Write out all of the records below precisely as given, omitting the images.

Records contained in a dataset
****************

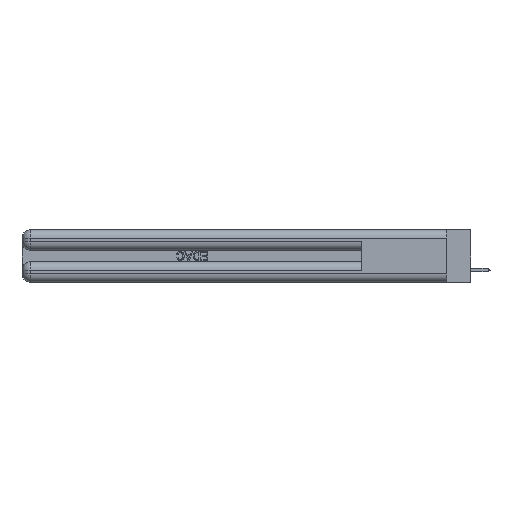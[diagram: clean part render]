
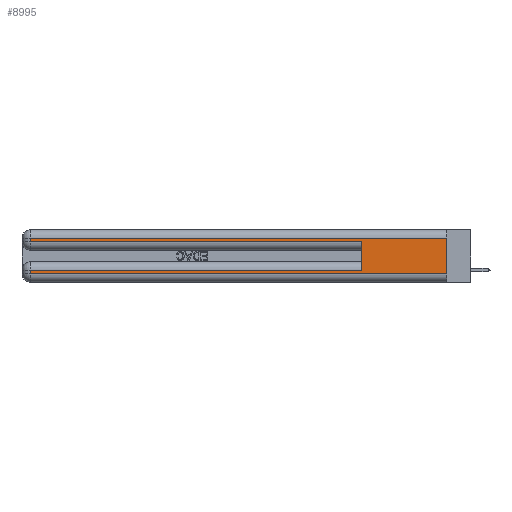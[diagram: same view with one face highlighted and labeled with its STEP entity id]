
A CAD part, left-side view. The second image highlights one B-rep face of the part: STEP entity #8995.
In plain terms, the highlighted planar face has unit normal (-1, 0, 0).
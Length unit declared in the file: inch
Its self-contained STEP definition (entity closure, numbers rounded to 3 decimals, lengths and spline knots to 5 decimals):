
#1239 = EDGE_CURVE ( 'NONE', #41836, #15587, #13433, .T. ) ;
#1346 = ORIENTED_EDGE ( 'NONE', *, *, #23517, .F. ) ;
#2580 = ORIENTED_EDGE ( 'NONE', *, *, #16269, .T. ) ;
#2980 = CARTESIAN_POINT ( 'NONE',  ( 0., 0.6, 0.085 ) ) ;
#4479 = LINE ( 'NONE', #16626, #18487 ) ;
#5229 = CARTESIAN_POINT ( 'NONE',  ( 0., 0.6, 0.145 ) ) ;
#5774 = CARTESIAN_POINT ( 'NONE',  ( 0., 2.94, 0.37 ) ) ;
#6309 = DIRECTION ( 'NONE',  ( 0., 1., 0. ) ) ;
#7097 = EDGE_CURVE ( 'NONE', #33723, #14604, #15129, .T. ) ;
#8995 = ADVANCED_FACE ( 'NONE', ( #20135 ), #32851, .F. ) ;
#9058 = LINE ( 'NONE', #10881, #23605 ) ;
#9319 = DIRECTION ( 'NONE',  ( 0., 0., -1. ) ) ;
#9728 = CARTESIAN_POINT ( 'NONE',  ( 0., 2.94, 0.085 ) ) ;
#10058 = CARTESIAN_POINT ( 'NONE',  ( 0., 2.94, 0.285 ) ) ;
#10307 = CARTESIAN_POINT ( 'NONE',  ( 0., 0., 0.06 ) ) ;
#10421 = AXIS2_PLACEMENT_3D ( 'NONE', #39121, #35910, #9319 ) ;
#10881 = CARTESIAN_POINT ( 'NONE',  ( 0., 0., 0.285 ) ) ;
#11690 = ORIENTED_EDGE ( 'NONE', *, *, #20845, .T. ) ;
#11784 = ORIENTED_EDGE ( 'NONE', *, *, #40329, .T. ) ;
#12785 = CARTESIAN_POINT ( 'NONE',  ( 0., 0., 0.06 ) ) ;
#13433 = LINE ( 'NONE', #5774, #19682 ) ;
#13827 = VERTEX_POINT ( 'NONE', #30776 ) ;
#14177 = VECTOR ( 'NONE', #29896, 39.37008 ) ;
#14604 = VERTEX_POINT ( 'NONE', #10058 ) ;
#14999 = ORIENTED_EDGE ( 'NONE', *, *, #23822, .F. ) ;
#15129 = LINE ( 'NONE', #23764, #38525 ) ;
#15341 = VERTEX_POINT ( 'NONE', #2980 ) ;
#15587 = VERTEX_POINT ( 'NONE', #18367 ) ;
#16269 = EDGE_CURVE ( 'NONE', #14604, #28418, #9058, .T. ) ;
#16626 = CARTESIAN_POINT ( 'NONE',  ( 0., 0., 0.085 ) ) ;
#18367 = CARTESIAN_POINT ( 'NONE',  ( 0., 2.94, 0.06 ) ) ;
#18487 = VECTOR ( 'NONE', #6309, 39.37008 ) ;
#18649 = VECTOR ( 'NONE', #35749, 39.37008 ) ;
#19682 = VECTOR ( 'NONE', #21447, 39.37008 ) ;
#20135 = FACE_OUTER_BOUND ( 'NONE', #22668, .T. ) ;
#20178 = LINE ( 'NONE', #12785, #18649 ) ;
#20423 = LINE ( 'NONE', #39504, #14177 ) ;
#20845 = EDGE_CURVE ( 'NONE', #15587, #27635, #20178, .T. ) ;
#20973 = LINE ( 'NONE', #33996, #41771 ) ;
#21447 = DIRECTION ( 'NONE',  ( 0., 0., -1. ) ) ;
#22018 = CARTESIAN_POINT ( 'NONE',  ( 0., 2.94, 0.31 ) ) ;
#22668 = EDGE_LOOP ( 'NONE', ( #14999, #11784, #29923, #2580, #1346, #25338, #27869, #11690 ) ) ;
#23517 = EDGE_CURVE ( 'NONE', #15341, #28418, #33966, .T. ) ;
#23605 = VECTOR ( 'NONE', #34833, 39.37008 ) ;
#23764 = CARTESIAN_POINT ( 'NONE',  ( 0., 2.94, 0.37 ) ) ;
#23822 = EDGE_CURVE ( 'NONE', #13827, #27635, #20423, .T. ) ;
#25075 = CARTESIAN_POINT ( 'NONE',  ( 0., 0.6, 0.285 ) ) ;
#25338 = ORIENTED_EDGE ( 'NONE', *, *, #26928, .T. ) ;
#26928 = EDGE_CURVE ( 'NONE', #15341, #41836, #4479, .T. ) ;
#27635 = VERTEX_POINT ( 'NONE', #10307 ) ;
#27738 = VECTOR ( 'NONE', #41249, 39.37008 ) ;
#27869 = ORIENTED_EDGE ( 'NONE', *, *, #1239, .T. ) ;
#28418 = VERTEX_POINT ( 'NONE', #25075 ) ;
#29896 = DIRECTION ( 'NONE',  ( 0., 0., -1. ) ) ;
#29923 = ORIENTED_EDGE ( 'NONE', *, *, #7097, .T. ) ;
#30776 = CARTESIAN_POINT ( 'NONE',  ( 0., 0., 0.31 ) ) ;
#32851 = PLANE ( 'NONE',  #10421 ) ;
#33723 = VERTEX_POINT ( 'NONE', #22018 ) ;
#33966 = LINE ( 'NONE', #5229, #27738 ) ;
#33996 = CARTESIAN_POINT ( 'NONE',  ( 0., 0., 0.31 ) ) ;
#34833 = DIRECTION ( 'NONE',  ( 0., -1., 0. ) ) ;
#35749 = DIRECTION ( 'NONE',  ( 0., -1., 0. ) ) ;
#35910 = DIRECTION ( 'NONE',  ( 1., 0., 0. ) ) ;
#37049 = DIRECTION ( 'NONE',  ( 0., 1., 0. ) ) ;
#38525 = VECTOR ( 'NONE', #40503, 39.37008 ) ;
#39121 = CARTESIAN_POINT ( 'NONE',  ( 0., 0., 0.37 ) ) ;
#39504 = CARTESIAN_POINT ( 'NONE',  ( 0., 0., 0.37 ) ) ;
#40329 = EDGE_CURVE ( 'NONE', #13827, #33723, #20973, .T. ) ;
#40503 = DIRECTION ( 'NONE',  ( 0., 0., -1. ) ) ;
#41249 = DIRECTION ( 'NONE',  ( 0., 0., 1. ) ) ;
#41771 = VECTOR ( 'NONE', #37049, 39.37008 ) ;
#41836 = VERTEX_POINT ( 'NONE', #9728 ) ;

****************

## Answer below
[diagram: clean part render]
[diagram: same view with one face highlighted and labeled with its STEP entity id]
A CAD part, left-side view. The second image highlights one B-rep face of the part: STEP entity #8995.
In plain terms, the highlighted planar face has unit normal (-1, 0, 0).
Length unit declared in the file: inch
Its self-contained STEP definition (entity closure, numbers rounded to 3 decimals, lengths and spline knots to 5 decimals):
#1239 = EDGE_CURVE ( 'NONE', #41836, #15587, #13433, .T. ) ;
#1346 = ORIENTED_EDGE ( 'NONE', *, *, #23517, .F. ) ;
#2580 = ORIENTED_EDGE ( 'NONE', *, *, #16269, .T. ) ;
#2980 = CARTESIAN_POINT ( 'NONE',  ( 0., 0.6, 0.085 ) ) ;
#4479 = LINE ( 'NONE', #16626, #18487 ) ;
#5229 = CARTESIAN_POINT ( 'NONE',  ( 0., 0.6, 0.145 ) ) ;
#5774 = CARTESIAN_POINT ( 'NONE',  ( 0., 2.94, 0.37 ) ) ;
#6309 = DIRECTION ( 'NONE',  ( 0., 1., 0. ) ) ;
#7097 = EDGE_CURVE ( 'NONE', #33723, #14604, #15129, .T. ) ;
#8995 = ADVANCED_FACE ( 'NONE', ( #20135 ), #32851, .F. ) ;
#9058 = LINE ( 'NONE', #10881, #23605 ) ;
#9319 = DIRECTION ( 'NONE',  ( 0., 0., -1. ) ) ;
#9728 = CARTESIAN_POINT ( 'NONE',  ( 0., 2.94, 0.085 ) ) ;
#10058 = CARTESIAN_POINT ( 'NONE',  ( 0., 2.94, 0.285 ) ) ;
#10307 = CARTESIAN_POINT ( 'NONE',  ( 0., 0., 0.06 ) ) ;
#10421 = AXIS2_PLACEMENT_3D ( 'NONE', #39121, #35910, #9319 ) ;
#10881 = CARTESIAN_POINT ( 'NONE',  ( 0., 0., 0.285 ) ) ;
#11690 = ORIENTED_EDGE ( 'NONE', *, *, #20845, .T. ) ;
#11784 = ORIENTED_EDGE ( 'NONE', *, *, #40329, .T. ) ;
#12785 = CARTESIAN_POINT ( 'NONE',  ( 0., 0., 0.06 ) ) ;
#13433 = LINE ( 'NONE', #5774, #19682 ) ;
#13827 = VERTEX_POINT ( 'NONE', #30776 ) ;
#14177 = VECTOR ( 'NONE', #29896, 39.37008 ) ;
#14604 = VERTEX_POINT ( 'NONE', #10058 ) ;
#14999 = ORIENTED_EDGE ( 'NONE', *, *, #23822, .F. ) ;
#15129 = LINE ( 'NONE', #23764, #38525 ) ;
#15341 = VERTEX_POINT ( 'NONE', #2980 ) ;
#15587 = VERTEX_POINT ( 'NONE', #18367 ) ;
#16269 = EDGE_CURVE ( 'NONE', #14604, #28418, #9058, .T. ) ;
#16626 = CARTESIAN_POINT ( 'NONE',  ( 0., 0., 0.085 ) ) ;
#18367 = CARTESIAN_POINT ( 'NONE',  ( 0., 2.94, 0.06 ) ) ;
#18487 = VECTOR ( 'NONE', #6309, 39.37008 ) ;
#18649 = VECTOR ( 'NONE', #35749, 39.37008 ) ;
#19682 = VECTOR ( 'NONE', #21447, 39.37008 ) ;
#20135 = FACE_OUTER_BOUND ( 'NONE', #22668, .T. ) ;
#20178 = LINE ( 'NONE', #12785, #18649 ) ;
#20423 = LINE ( 'NONE', #39504, #14177 ) ;
#20845 = EDGE_CURVE ( 'NONE', #15587, #27635, #20178, .T. ) ;
#20973 = LINE ( 'NONE', #33996, #41771 ) ;
#21447 = DIRECTION ( 'NONE',  ( 0., 0., -1. ) ) ;
#22018 = CARTESIAN_POINT ( 'NONE',  ( 0., 2.94, 0.31 ) ) ;
#22668 = EDGE_LOOP ( 'NONE', ( #14999, #11784, #29923, #2580, #1346, #25338, #27869, #11690 ) ) ;
#23517 = EDGE_CURVE ( 'NONE', #15341, #28418, #33966, .T. ) ;
#23605 = VECTOR ( 'NONE', #34833, 39.37008 ) ;
#23764 = CARTESIAN_POINT ( 'NONE',  ( 0., 2.94, 0.37 ) ) ;
#23822 = EDGE_CURVE ( 'NONE', #13827, #27635, #20423, .T. ) ;
#25075 = CARTESIAN_POINT ( 'NONE',  ( 0., 0.6, 0.285 ) ) ;
#25338 = ORIENTED_EDGE ( 'NONE', *, *, #26928, .T. ) ;
#26928 = EDGE_CURVE ( 'NONE', #15341, #41836, #4479, .T. ) ;
#27635 = VERTEX_POINT ( 'NONE', #10307 ) ;
#27738 = VECTOR ( 'NONE', #41249, 39.37008 ) ;
#27869 = ORIENTED_EDGE ( 'NONE', *, *, #1239, .T. ) ;
#28418 = VERTEX_POINT ( 'NONE', #25075 ) ;
#29896 = DIRECTION ( 'NONE',  ( 0., 0., -1. ) ) ;
#29923 = ORIENTED_EDGE ( 'NONE', *, *, #7097, .T. ) ;
#30776 = CARTESIAN_POINT ( 'NONE',  ( 0., 0., 0.31 ) ) ;
#32851 = PLANE ( 'NONE',  #10421 ) ;
#33723 = VERTEX_POINT ( 'NONE', #22018 ) ;
#33966 = LINE ( 'NONE', #5229, #27738 ) ;
#33996 = CARTESIAN_POINT ( 'NONE',  ( 0., 0., 0.31 ) ) ;
#34833 = DIRECTION ( 'NONE',  ( 0., -1., 0. ) ) ;
#35749 = DIRECTION ( 'NONE',  ( 0., -1., 0. ) ) ;
#35910 = DIRECTION ( 'NONE',  ( 1., 0., 0. ) ) ;
#37049 = DIRECTION ( 'NONE',  ( 0., 1., 0. ) ) ;
#38525 = VECTOR ( 'NONE', #40503, 39.37008 ) ;
#39121 = CARTESIAN_POINT ( 'NONE',  ( 0., 0., 0.37 ) ) ;
#39504 = CARTESIAN_POINT ( 'NONE',  ( 0., 0., 0.37 ) ) ;
#40329 = EDGE_CURVE ( 'NONE', #13827, #33723, #20973, .T. ) ;
#40503 = DIRECTION ( 'NONE',  ( 0., 0., -1. ) ) ;
#41249 = DIRECTION ( 'NONE',  ( 0., 0., 1. ) ) ;
#41771 = VECTOR ( 'NONE', #37049, 39.37008 ) ;
#41836 = VERTEX_POINT ( 'NONE', #9728 ) ;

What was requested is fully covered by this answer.